[Start of Attachment]
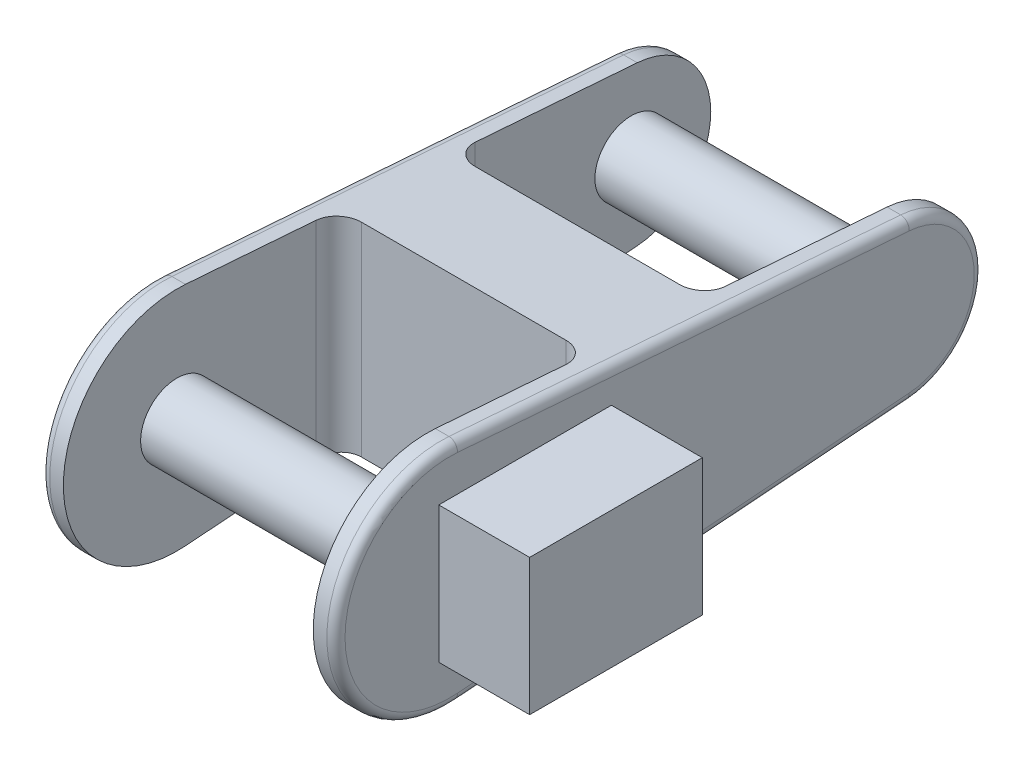
ISO-10303-21;
HEADER;
FILE_DESCRIPTION(('STEP AP214'),'2;1');
FILE_NAME('part.step','',(''),(''),'','','');
FILE_SCHEMA(('AUTOMOTIVE_DESIGN { 1 0 10303 214 1 1 1 1 }'));
ENDSEC;
DATA;
#1=APPLICATION_CONTEXT('core data for automotive mechanical design processes');
#2=APPLICATION_PROTOCOL_DEFINITION('international standard','automotive_design',2000,#1);
#3=PRODUCT_CONTEXT('',#1,'mechanical');
#4=PRODUCT('Part','Part','',(#3));
#5=PRODUCT_RELATED_PRODUCT_CATEGORY('part','',(#4));
#6=PRODUCT_DEFINITION_FORMATION('','',#4);
#7=PRODUCT_DEFINITION_CONTEXT('part definition',#1,'design');
#8=PRODUCT_DEFINITION('design','',#6,#7);
#9=PRODUCT_DEFINITION_SHAPE('','',#8);
#10=(LENGTH_UNIT() NAMED_UNIT(*) SI_UNIT(.MILLI.,.METRE.));
#11=(NAMED_UNIT(*) PLANE_ANGLE_UNIT() SI_UNIT($,.RADIAN.));
#12=(NAMED_UNIT(*) SI_UNIT($,.STERADIAN.) SOLID_ANGLE_UNIT());
#13=UNCERTAINTY_MEASURE_WITH_UNIT(LENGTH_MEASURE(1.E-05),#10,'distance_accuracy_value','');
#14=(GEOMETRIC_REPRESENTATION_CONTEXT(3) GLOBAL_UNCERTAINTY_ASSIGNED_CONTEXT((#13)) GLOBAL_UNIT_ASSIGNED_CONTEXT((#10,
#11,#12)) REPRESENTATION_CONTEXT('',''));
#15=CARTESIAN_POINT('',(0.,0.,0.));
#16=DIRECTION('',(0.,0.,1.));
#17=DIRECTION('',(1.,0.,0.));
#18=AXIS2_PLACEMENT_3D('',#15,#16,#17);
#19=CARTESIAN_POINT('',(32.5,0.,0.));
#20=DIRECTION('',(-1.,0.,0.));
#21=DIRECTION('',(0.,0.,1.));
#22=AXIS2_PLACEMENT_3D('',#19,#20,#21);
#23=CYLINDRICAL_SURFACE('',#22,25.);
#24=DIRECTION('',(-1.,0.,0.));
#25=VECTOR('',#24,1.);
#26=CARTESIAN_POINT('',(32.5,24.9295883439739,-1.875));
#27=LINE('',#26,#25);
#28=CARTESIAN_POINT('',(-27.5,24.9295883439739,-1.875));
#29=VERTEX_POINT('',#28);
#30=CARTESIAN_POINT('',(-30.5,24.9295883439739,-1.875));
#31=VERTEX_POINT('',#30);
#32=EDGE_CURVE('E252',#29,#31,#27,.T.);
#33=ORIENTED_EDGE('',*,*,#32,.T.);
#34=CARTESIAN_POINT('',(-30.5,0.,0.));
#35=DIRECTION('',(1.,0.,0.));
#36=DIRECTION('',(0.,0.,-1.));
#37=AXIS2_PLACEMENT_3D('',#34,#35,#36);
#38=CIRCLE('',#37,25.);
#39=CARTESIAN_POINT('',(-30.5,-24.9295883439739,-1.875));
#40=VERTEX_POINT('',#39);
#41=EDGE_CURVE('E343',#31,#40,#38,.T.);
#42=ORIENTED_EDGE('',*,*,#41,.T.);
#43=DIRECTION('',(-1.,0.,0.));
#44=VECTOR('',#43,1.);
#45=CARTESIAN_POINT('',(32.5,-24.9295883439739,-1.875));
#46=LINE('',#45,#44);
#47=CARTESIAN_POINT('',(-27.5,-24.9295883439739,-1.87499999999999));
#48=VERTEX_POINT('',#47);
#49=EDGE_CURVE('E263',#48,#40,#46,.T.);
#50=ORIENTED_EDGE('',*,*,#49,.F.);
#51=CARTESIAN_POINT('',(-27.5,0.,0.));
#52=DIRECTION('',(-1.,0.,0.));
#53=DIRECTION('',(0.,0.,1.));
#54=AXIS2_PLACEMENT_3D('',#51,#52,#53);
#55=CIRCLE('',#54,25.);
#56=EDGE_CURVE('E248',#48,#29,#55,.T.);
#57=ORIENTED_EDGE('',*,*,#56,.T.);
#58=EDGE_LOOP('',(#33,#42,#50,#57));
#59=FACE_BOUND('',#58,.T.);
#60=ADVANCED_FACE('F38',(#59),#23,.T.);
#61=CARTESIAN_POINT('',(32.5,0.,-100.));
#62=DIRECTION('',(-1.,0.,0.));
#63=DIRECTION('',(0.,0.,1.));
#64=AXIS2_PLACEMENT_3D('',#61,#62,#63);
#65=CYLINDRICAL_SURFACE('',#64,17.5);
#66=DIRECTION('',(-1.,0.,0.));
#67=VECTOR('',#66,1.);
#68=CARTESIAN_POINT('',(32.5,-17.4507118407818,-101.3125));
#69=LINE('',#68,#67);
#70=CARTESIAN_POINT('',(-27.5,-17.4507118407818,-101.3125));
#71=VERTEX_POINT('',#70);
#72=CARTESIAN_POINT('',(-30.5,-17.4507118407818,-101.3125));
#73=VERTEX_POINT('',#72);
#74=EDGE_CURVE('E259',#71,#73,#69,.T.);
#75=ORIENTED_EDGE('',*,*,#74,.T.);
#76=CARTESIAN_POINT('',(-30.5,0.,-100.));
#77=DIRECTION('',(1.,0.,0.));
#78=DIRECTION('',(0.,0.,-1.));
#79=AXIS2_PLACEMENT_3D('',#76,#77,#78);
#80=CIRCLE('',#79,17.5);
#81=CARTESIAN_POINT('',(-30.5,17.4507118407818,-101.3125));
#82=VERTEX_POINT('',#81);
#83=EDGE_CURVE('E317',#73,#82,#80,.T.);
#84=ORIENTED_EDGE('',*,*,#83,.T.);
#85=DIRECTION('',(-1.,0.,0.));
#86=VECTOR('',#85,1.);
#87=CARTESIAN_POINT('',(32.5,17.4507118407818,-101.3125));
#88=LINE('',#87,#86);
#89=CARTESIAN_POINT('',(-27.5,17.4507118407818,-101.3125));
#90=VERTEX_POINT('',#89);
#91=EDGE_CURVE('E256',#90,#82,#88,.T.);
#92=ORIENTED_EDGE('',*,*,#91,.F.);
#93=CARTESIAN_POINT('',(-27.5,0.,-100.));
#94=DIRECTION('',(-1.,0.,0.));
#95=DIRECTION('',(0.,0.,1.));
#96=AXIS2_PLACEMENT_3D('',#93,#94,#95);
#97=CIRCLE('',#96,17.5);
#98=EDGE_CURVE('E235',#90,#71,#97,.T.);
#99=ORIENTED_EDGE('',*,*,#98,.T.);
#100=EDGE_LOOP('',(#75,#84,#92,#99));
#101=FACE_BOUND('',#100,.T.);
#102=ADVANCED_FACE('F419',(#101),#65,.T.);
#103=CARTESIAN_POINT('',(30.5,-24.9295883439739,-1.875));
#104=VERTEX_POINT('',#103);
#105=CARTESIAN_POINT('',(27.5,-24.9295883439739,-1.87499999999999));
#106=VERTEX_POINT('',#105);
#107=EDGE_CURVE('E264',#104,#106,#46,.T.);
#108=ORIENTED_EDGE('',*,*,#107,.F.);
#109=CARTESIAN_POINT('',(30.5,0.,0.));
#110=DIRECTION('',(1.,0.,0.));
#111=DIRECTION('',(0.,0.,-1.));
#112=AXIS2_PLACEMENT_3D('',#109,#110,#111);
#113=CIRCLE('',#112,25.);
#114=CARTESIAN_POINT('',(30.5,24.9295883439739,-1.875));
#115=VERTEX_POINT('',#114);
#116=EDGE_CURVE('E313',#104,#115,#113,.F.);
#117=ORIENTED_EDGE('',*,*,#116,.T.);
#118=CARTESIAN_POINT('',(27.5,24.9295883439739,-1.875));
#119=VERTEX_POINT('',#118);
#120=EDGE_CURVE('E253',#115,#119,#27,.T.);
#121=ORIENTED_EDGE('',*,*,#120,.T.);
#122=CARTESIAN_POINT('',(27.5,0.,0.));
#123=DIRECTION('',(1.,0.,0.));
#124=DIRECTION('',(0.,0.,-1.));
#125=AXIS2_PLACEMENT_3D('',#122,#123,#124);
#126=CIRCLE('',#125,25.);
#127=EDGE_CURVE('E241',#119,#106,#126,.T.);
#128=ORIENTED_EDGE('',*,*,#127,.T.);
#129=EDGE_LOOP('',(#108,#117,#121,#128));
#130=FACE_BOUND('',#129,.T.);
#131=ADVANCED_FACE('F422',(#130),#23,.T.);
#132=CARTESIAN_POINT('',(32.5,-24.9295883439739,-1.875));
#133=DIRECTION('',(0.,0.997183533758957,0.0749999999999998));
#134=DIRECTION('',(0.,-0.0749999999999998,0.997183533758957));
#135=AXIS2_PLACEMENT_3D('',#132,#133,#134);
#136=PLANE('',#135);
#137=ORIENTED_EDGE('',*,*,#49,.T.);
#138=DIRECTION('',(0.,0.0749999999999998,-0.997183533758957));
#139=VECTOR('',#138,1.);
#140=CARTESIAN_POINT('',(-30.5,-24.9295883439739,-1.875));
#141=LINE('',#140,#139);
#142=EDGE_CURVE('E341',#40,#73,#141,.T.);
#143=ORIENTED_EDGE('',*,*,#142,.T.);
#144=ORIENTED_EDGE('',*,*,#74,.F.);
#145=DIRECTION('',(0.,-0.0749999999999998,0.997183533758957));
#146=VECTOR('',#145,1.);
#147=CARTESIAN_POINT('',(-27.5,-24.9295883439739,-1.875));
#148=LINE('',#147,#146);
#149=CARTESIAN_POINT('',(-27.5,-20.1340632159431,-65.6352492453292));
#150=VERTEX_POINT('',#149);
#151=EDGE_CURVE('E238',#71,#150,#148,.T.);
#152=ORIENTED_EDGE('',*,*,#151,.T.);
#153=CARTESIAN_POINT('',(-22.5,-20.1340632159431,-65.6352492453292));
#154=DIRECTION('',(0.,0.997183533758957,0.0749999999999998));
#155=DIRECTION('',(0.,-0.0749999999999998,0.997183533758957));
#156=AXIS2_PLACEMENT_3D('',#153,#154,#155);
#157=ELLIPSE('',#156,5.014122105639,5.);
#158=CARTESIAN_POINT('',(-22.5,-20.510122373866,-60.6352492453292));
#159=VERTEX_POINT('',#158);
#160=EDGE_CURVE('E373',#150,#159,#157,.T.);
#161=ORIENTED_EDGE('',*,*,#160,.T.);
#162=DIRECTION('',(1.,0.,0.));
#163=VECTOR('',#162,1.);
#164=CARTESIAN_POINT('',(32.5,-20.510122373866,-60.6352492453292));
#165=LINE('',#164,#163);
#166=CARTESIAN_POINT('',(22.5,-20.510122373866,-60.6352492453292));
#167=VERTEX_POINT('',#166);
#168=EDGE_CURVE('E223',#159,#167,#165,.T.);
#169=ORIENTED_EDGE('',*,*,#168,.T.);
#170=CARTESIAN_POINT('',(22.5,-20.1340632159431,-65.6352492453292));
#171=DIRECTION('',(0.,0.997183533758957,0.0749999999999998));
#172=DIRECTION('',(0.,-0.0749999999999998,0.997183533758957));
#173=AXIS2_PLACEMENT_3D('',#170,#171,#172);
#174=ELLIPSE('',#173,5.014122105639,5.);
#175=CARTESIAN_POINT('',(27.5,-20.1340632159431,-65.6352492453292));
#176=VERTEX_POINT('',#175);
#177=EDGE_CURVE('E364',#167,#176,#174,.T.);
#178=ORIENTED_EDGE('',*,*,#177,.T.);
#179=DIRECTION('',(0.,0.0749999999999998,-0.997183533758957));
#180=VECTOR('',#179,1.);
#181=CARTESIAN_POINT('',(27.5,-24.9295883439739,-1.875));
#182=LINE('',#181,#180);
#183=CARTESIAN_POINT('',(27.5,-17.4507118407818,-101.3125));
#184=VERTEX_POINT('',#183);
#185=EDGE_CURVE('E233',#176,#184,#182,.T.);
#186=ORIENTED_EDGE('',*,*,#185,.T.);
#187=CARTESIAN_POINT('',(30.5,-17.4507118407818,-101.3125));
#188=VERTEX_POINT('',#187);
#189=EDGE_CURVE('E260',#188,#184,#69,.T.);
#190=ORIENTED_EDGE('',*,*,#189,.F.);
#191=DIRECTION('',(0.,0.0749999999999998,-0.997183533758957));
#192=VECTOR('',#191,1.);
#193=CARTESIAN_POINT('',(30.5,-24.9295883439739,-1.875));
#194=LINE('',#193,#192);
#195=EDGE_CURVE('E311',#188,#104,#194,.F.);
#196=ORIENTED_EDGE('',*,*,#195,.T.);
#197=ORIENTED_EDGE('',*,*,#107,.T.);
#198=DIRECTION('',(0.,0.0749999999999998,-0.997183533758957));
#199=VECTOR('',#198,1.);
#200=CARTESIAN_POINT('',(27.5,-24.9295883439739,-1.875));
#201=LINE('',#200,#199);
#202=CARTESIAN_POINT('',(27.5,-22.7664773214035,-30.6352492453292));
#203=VERTEX_POINT('',#202);
#204=EDGE_CURVE('E244',#106,#203,#201,.T.);
#205=ORIENTED_EDGE('',*,*,#204,.T.);
#206=CARTESIAN_POINT('',(22.5,-22.7664773214035,-30.6352492453292));
#207=DIRECTION('',(0.,0.997183533758957,0.0749999999999998));
#208=DIRECTION('',(0.,-0.0749999999999998,0.997183533758957));
#209=AXIS2_PLACEMENT_3D('',#206,#207,#208);
#210=ELLIPSE('',#209,5.014122105639,5.);
#211=CARTESIAN_POINT('',(22.5,-22.3904181634806,-35.6352492453292));
#212=VERTEX_POINT('',#211);
#213=EDGE_CURVE('E11',#203,#212,#210,.T.);
#214=ORIENTED_EDGE('',*,*,#213,.T.);
#215=DIRECTION('',(-1.,0.,0.));
#216=VECTOR('',#215,1.);
#217=CARTESIAN_POINT('',(32.5,-22.3904181634806,-35.6352492453292));
#218=LINE('',#217,#216);
#219=CARTESIAN_POINT('',(-22.5,-22.3904181634806,-35.6352492453292));
#220=VERTEX_POINT('',#219);
#221=EDGE_CURVE('E246',#212,#220,#218,.T.);
#222=ORIENTED_EDGE('',*,*,#221,.T.);
#223=CARTESIAN_POINT('',(-22.5,-22.7664773214035,-30.6352492453292));
#224=DIRECTION('',(0.,0.997183533758957,0.0749999999999998));
#225=DIRECTION('',(0.,-0.0749999999999998,0.997183533758957));
#226=AXIS2_PLACEMENT_3D('',#223,#224,#225);
#227=ELLIPSE('',#226,5.014122105639,5.);
#228=CARTESIAN_POINT('',(-27.5,-22.7664773214035,-30.6352492453292));
#229=VERTEX_POINT('',#228);
#230=EDGE_CURVE('E383',#220,#229,#227,.T.);
#231=ORIENTED_EDGE('',*,*,#230,.T.);
#232=DIRECTION('',(0.,-0.0749999999999998,0.997183533758957));
#233=VECTOR('',#232,1.);
#234=CARTESIAN_POINT('',(-27.5,-24.9295883439739,-1.875));
#235=LINE('',#234,#233);
#236=EDGE_CURVE('E250',#229,#48,#235,.T.);
#237=ORIENTED_EDGE('',*,*,#236,.T.);
#238=EDGE_LOOP('',(#137,#143,#144,#152,#161,#169,#178,#186,#190,#196,#197,#205,#214,#222,#231,#237));
#239=FACE_BOUND('',#238,.T.);
#240=ADVANCED_FACE('F411',(#239),#136,.F.);
#241=CARTESIAN_POINT('',(30.5,17.4507118407818,-101.3125));
#242=VERTEX_POINT('',#241);
#243=CARTESIAN_POINT('',(27.5,17.4507118407818,-101.3125));
#244=VERTEX_POINT('',#243);
#245=EDGE_CURVE('E257',#242,#244,#88,.T.);
#246=ORIENTED_EDGE('',*,*,#245,.F.);
#247=CARTESIAN_POINT('',(30.5,0.,-100.));
#248=DIRECTION('',(1.,0.,0.));
#249=DIRECTION('',(0.,0.,-1.));
#250=AXIS2_PLACEMENT_3D('',#247,#248,#249);
#251=CIRCLE('',#250,17.5);
#252=EDGE_CURVE('E308',#242,#188,#251,.F.);
#253=ORIENTED_EDGE('',*,*,#252,.T.);
#254=ORIENTED_EDGE('',*,*,#189,.T.);
#255=CARTESIAN_POINT('',(27.5,0.,-100.));
#256=DIRECTION('',(1.,0.,0.));
#257=DIRECTION('',(0.,0.,-1.));
#258=AXIS2_PLACEMENT_3D('',#255,#256,#257);
#259=CIRCLE('',#258,17.5);
#260=EDGE_CURVE('E225',#184,#244,#259,.T.);
#261=ORIENTED_EDGE('',*,*,#260,.T.);
#262=EDGE_LOOP('',(#246,#253,#254,#261));
#263=FACE_BOUND('',#262,.T.);
#264=ADVANCED_FACE('F428',(#263),#65,.T.);
#265=CARTESIAN_POINT('',(32.5,24.9295883439739,-1.875));
#266=DIRECTION('',(0.,-0.997183533758957,0.0749999999999998));
#267=DIRECTION('',(0.,-0.0749999999999998,-0.997183533758957));
#268=AXIS2_PLACEMENT_3D('',#265,#266,#267);
#269=PLANE('',#268);
#270=ORIENTED_EDGE('',*,*,#91,.T.);
#271=DIRECTION('',(0.,0.0749999999999998,0.997183533758957));
#272=VECTOR('',#271,1.);
#273=CARTESIAN_POINT('',(-30.5,24.9295883439739,-1.875));
#274=LINE('',#273,#272);
#275=EDGE_CURVE('E345',#82,#31,#274,.T.);
#276=ORIENTED_EDGE('',*,*,#275,.T.);
#277=ORIENTED_EDGE('',*,*,#32,.F.);
#278=DIRECTION('',(0.,-0.0749999999999998,-0.997183533758957));
#279=VECTOR('',#278,1.);
#280=CARTESIAN_POINT('',(-27.5,24.9295883439739,-1.875));
#281=LINE('',#280,#279);
#282=CARTESIAN_POINT('',(-27.5,22.7664773214035,-30.6352492453292));
#283=VERTEX_POINT('',#282);
#284=EDGE_CURVE('E278',#29,#283,#281,.T.);
#285=ORIENTED_EDGE('',*,*,#284,.T.);
#286=CARTESIAN_POINT('',(-22.5,22.7664773214035,-30.6352492453292));
#287=DIRECTION('',(0.,-0.997183533758957,0.0749999999999998));
#288=DIRECTION('',(0.,-0.0749999999999998,-0.997183533758957));
#289=AXIS2_PLACEMENT_3D('',#286,#287,#288);
#290=ELLIPSE('',#289,5.014122105639,5.);
#291=CARTESIAN_POINT('',(-22.5,22.3904181634806,-35.6352492453292));
#292=VERTEX_POINT('',#291);
#293=EDGE_CURVE('E381',#283,#292,#290,.T.);
#294=ORIENTED_EDGE('',*,*,#293,.T.);
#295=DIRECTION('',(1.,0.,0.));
[End of Attachment]
Of the lines above, output exactly those from the line bearing "#271=DIRECTION('',(0.,0.0749999999999998,0.997183533758957));" through the line bearing "#279=VECTOR('',#278,1.);", inclusive.

#271=DIRECTION('',(0.,0.0749999999999998,0.997183533758957));
#272=VECTOR('',#271,1.);
#273=CARTESIAN_POINT('',(-30.5,24.9295883439739,-1.875));
#274=LINE('',#273,#272);
#275=EDGE_CURVE('E345',#82,#31,#274,.T.);
#276=ORIENTED_EDGE('',*,*,#275,.T.);
#277=ORIENTED_EDGE('',*,*,#32,.F.);
#278=DIRECTION('',(0.,-0.0749999999999998,-0.997183533758957));
#279=VECTOR('',#278,1.);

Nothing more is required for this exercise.